The second option is especially useful if you have other solutions that need monitoring and alerting. Many operations teams use Solr and Banana for monitoring, alerting, and log search across all production environments. NiFi can be used to feed in log data and metrics to provide a single source of truth and a unified dashboard for everything (e.g. NiFi, web applications, ETL, databases, etc.). MiNiFi can be used to extract log files.

The information you need to index would depend on your needs. NiFi has built in provenance and flow analytics, so try not to reinvent the wheel. I would imagine failure/success, error code, error message, the last processor ID, FlowFileID, lineage duration, and some content specific dimensions (e.g. source system) would be a good place to start. The FlowFileID could then be used for provenance search within NiFi if you need to go deeper.

Re: Apache Nifi - How to productionize dataflows in Nifi (Alerts,Monitoring & reporting)

Contributor

Thanks Sam Hjelmfelt for your response,

- First option is the easiest to implement, where you would need to change the flow to enable alerting. Also not all processors have failure relationships (ListSFTP). Also we endup getting duplicate emails (link).
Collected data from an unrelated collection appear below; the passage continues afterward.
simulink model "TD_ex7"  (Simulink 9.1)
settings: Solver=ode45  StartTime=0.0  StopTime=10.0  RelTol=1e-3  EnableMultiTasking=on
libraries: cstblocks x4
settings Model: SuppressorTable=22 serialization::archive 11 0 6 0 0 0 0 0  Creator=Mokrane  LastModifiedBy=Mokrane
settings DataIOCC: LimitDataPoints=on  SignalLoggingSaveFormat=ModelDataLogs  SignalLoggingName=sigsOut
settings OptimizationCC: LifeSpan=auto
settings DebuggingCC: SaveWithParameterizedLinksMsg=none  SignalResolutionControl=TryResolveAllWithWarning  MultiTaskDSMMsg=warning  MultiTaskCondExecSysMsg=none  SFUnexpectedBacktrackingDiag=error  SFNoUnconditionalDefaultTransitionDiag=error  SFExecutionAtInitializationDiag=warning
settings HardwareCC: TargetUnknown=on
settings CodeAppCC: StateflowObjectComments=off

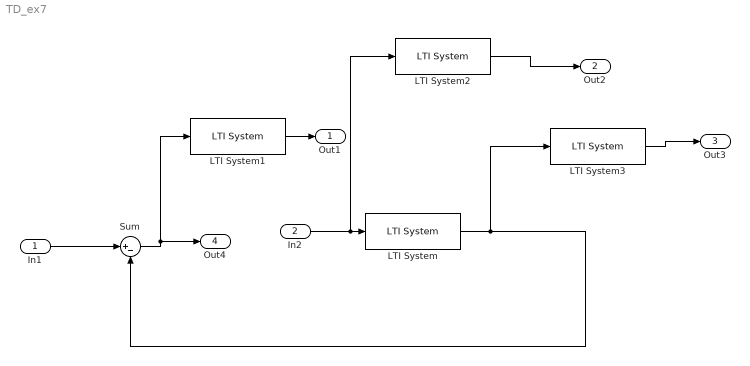
== system TD_ex7 ==
  In1 : Inport
  In2 : Inport  Port=2
  LTI System : cstblocks/LTI System  sys=Gn  IC=[]
  LTI System1 : cstblocks/LTI System  sys=W1  IC=[]
  LTI System2 : cstblocks/LTI System  sys=W2  IC=[]
  LTI System3 : cstblocks/LTI System  sys=W3  IC=[]
  Sum : Sum  Inputs=|+-  SaturateOnIntegerOverflow=on
  Out1 : Outport
  Out2 : Outport  Port=2
  Out3 : Outport  Port=3
  Out4 : Outport  Port=4
  wires:
  LTI System/1 -> Sum/2, LTI System3/1
  Sum/1 -> LTI System1/1, Out4/1
  LTI System1/1 -> Out1/1
  In1/1 -> Sum/1
  In2/1 -> LTI System/1, LTI System2/1
  LTI System2/1 -> Out2/1
  LTI System3/1 -> Out3/1

- Would be great if you could suggest approach for retrieving these metrics: 'failure/success, error code, error message, the last processor ID, FlowFileID, lineage duration, and some content specific dimensions (e.g. source system)'. Do I need to do provenance search through API?

Thanks

Obaid

Re: Apache Nifi - How to productionize dataflows in Nifi (Alerts,Monitoring & reporting)

New Contributor

Can you share now this evolved for you? I have similar needs, trying to take nifi into production and looking for ways to monitor it - alerting through a central monitoring tool if flows are not running as expected.